Her intonation felt something like accusation. She and my mother were always at each other’s throats. I didn’t want to stir up conflict, so I left the real culprit unnamed. I lied and told her it was me.
She clicked her tongue and chided gently. “Hay que tener cuidado, mija. Hay que poner atención.”
“Sí, Abby. En la proxima, tendrá mas cuidado.”
I called her Abby. I couldn’t say abuela when I was little. Abby stuck. She preferred it to Petrona.
“Okay. Que están haciendo?”
“Estoy en ruta a la escuela. Y tu? Que haces?”
She told me she’d spent the morning with her sister, decorating her mother’s tomb. In El Salvador, Día de los “Defuntitos” is a religious occasion. There is a great deal of praying. And a lot of bright-colored, handmade, plastic flower arrangements. She gushed about how beautiful everything was and told me she was at my Tia Mela’s house resting for the afternoon.
“Gracias por la llamada, Abby!” I said. “Te amo.”
“Okay, tita. Cuidala a tu mamá. Es una mujer buena.” That was the first time I’d heard her compliment my mother in years.
“Cuando me muera, no quiero que lloras. No quiero que están triste.”
“Abby, por favor, eso me va a matar a mi.”
We start in the center of town, at the Catholic Church situated right next to the town hall. It’s large and blinding white with a deep orange outline that makes it look like a transplant from a cartoon. The copper bell in the middle of the tower shatters the illusion.
I used to think they were beautiful, but today I’m suspicious of the pink Maquilishuat trees in the church’s courtyard. They work with the lush, green mountains and the pastel buildings of the town and make me feel like I’ve accidentally walked into the background of a surrealist painting.
I stand in the middle of a large procession, ready to exit the iron gates of the courtyard. I’m wearing high heels for the first time in years. I hate heels, but she loves them.
There was this little song she used to sing to me every once in a while: “Con los zapatos de tacón, las mujeres se ven mejor.”
My sources tell me that Abby was very “coqueta” when she was younger. She never denied it. I’m not sure she ever grew out of it. Meanwhile, I could rarely stomach a dress. Every once in a while, we would go to Big W or any of the other shops in Macquarie and play an adult edition of dress up. It wasn’t for me.
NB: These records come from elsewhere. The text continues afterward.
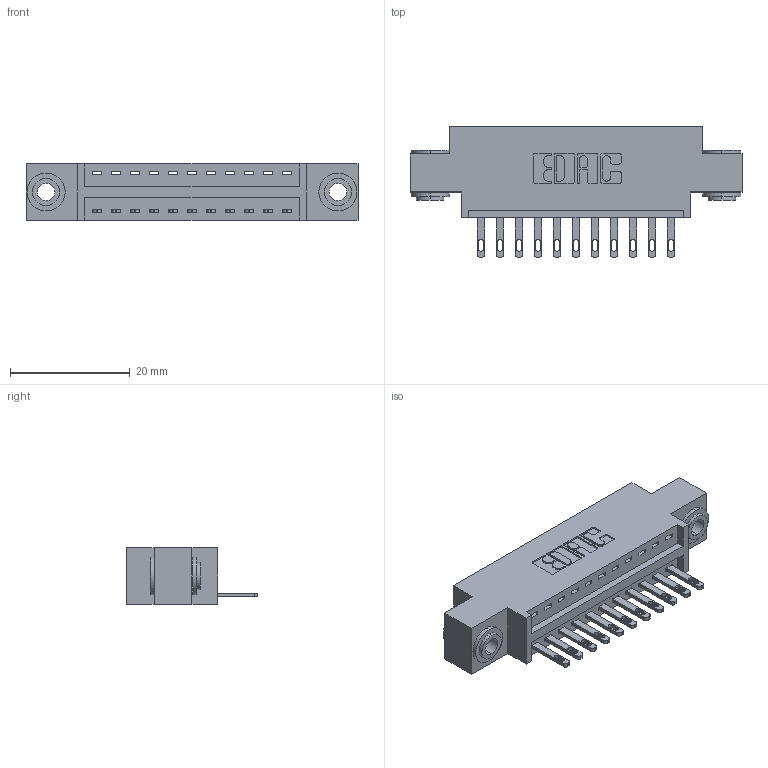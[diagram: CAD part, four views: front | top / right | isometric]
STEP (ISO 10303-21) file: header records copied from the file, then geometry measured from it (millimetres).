
FILE_DESCRIPTION (( 'STEP AP203' ), '1' );
FILE_NAME ('346-011-500-603.STEP', '2022-05-05T00:38:43', ( '' ), ( '' ), 'SwSTEP 2.0', 'SolidWorks 2020', '' );
FILE_SCHEMA (( 'CONFIG_CONTROL_DESIGN' ));
Length unit declared in the file: inch
Products named in the file (4): 345-250-002_345-250-002-102; 346-011-500-603; 346 Part_0.170 Offset - 0.156 Dia-TH; 345-292-001_345-293-100
Assembly tree (14 placements, depth 2):
  346-011-500-603
    346 Part_0.170 Offset - 0.156 Dia-TH
    345-292-001_345-293-100  x11
    345-250-002_345-250-002-102  x2
Bounding box: 55.5 x 21.84 x 9.4 mm (x, y, z)
Volume: 4952.4 mm3; surface area: 6292.8 mm2
Topology: 14 solids, 14 shells, 772 faces, 2301 edges, 1530 vertices
Faces by surface type: plane 478, cylinder 286, cone 8
Entity records: 12128 total; most frequent: CARTESIAN_POINT 2070, ORIENTED_EDGE 2006, DIRECTION 1895, EDGE_CURVE 1003, VECTOR 799, LINE 799, VERTEX_POINT 666, AXIS2_PLACEMENT_3D 548

I enjoyed myself because it made her happy. I always wanted her to be happy.
She always wanted to look her best.
She doesn’t, though. Her makeup looks terrible. Whoever did it just caked it on and smeared copper glitter across her lips. They should have let me do it. I barely even recognized her last night.
The gates open slowly. The truck leads the crowd and I out of the courtyard. We take our first steps out onto the cobblestone streets. Abby is on the truck. The bed is filled with fresh flowers. Mostly red roses and white lilies, but there are others as well.
A garden on wheels. Abby loved flowers. She would think it’s beautiful. I want to think it’s beautiful too. But the bittersweet smell of the flowers threatens to make me sick.
I never wanted to be here. I wanted her at my graduation. I wanted to grow up and make money, so that she could move out of their house. We would live in a small apartment in a city where they spoke Spanish, and she could get around on her own. But they sent her away. Just a vacation, they said. And now she can’t come home.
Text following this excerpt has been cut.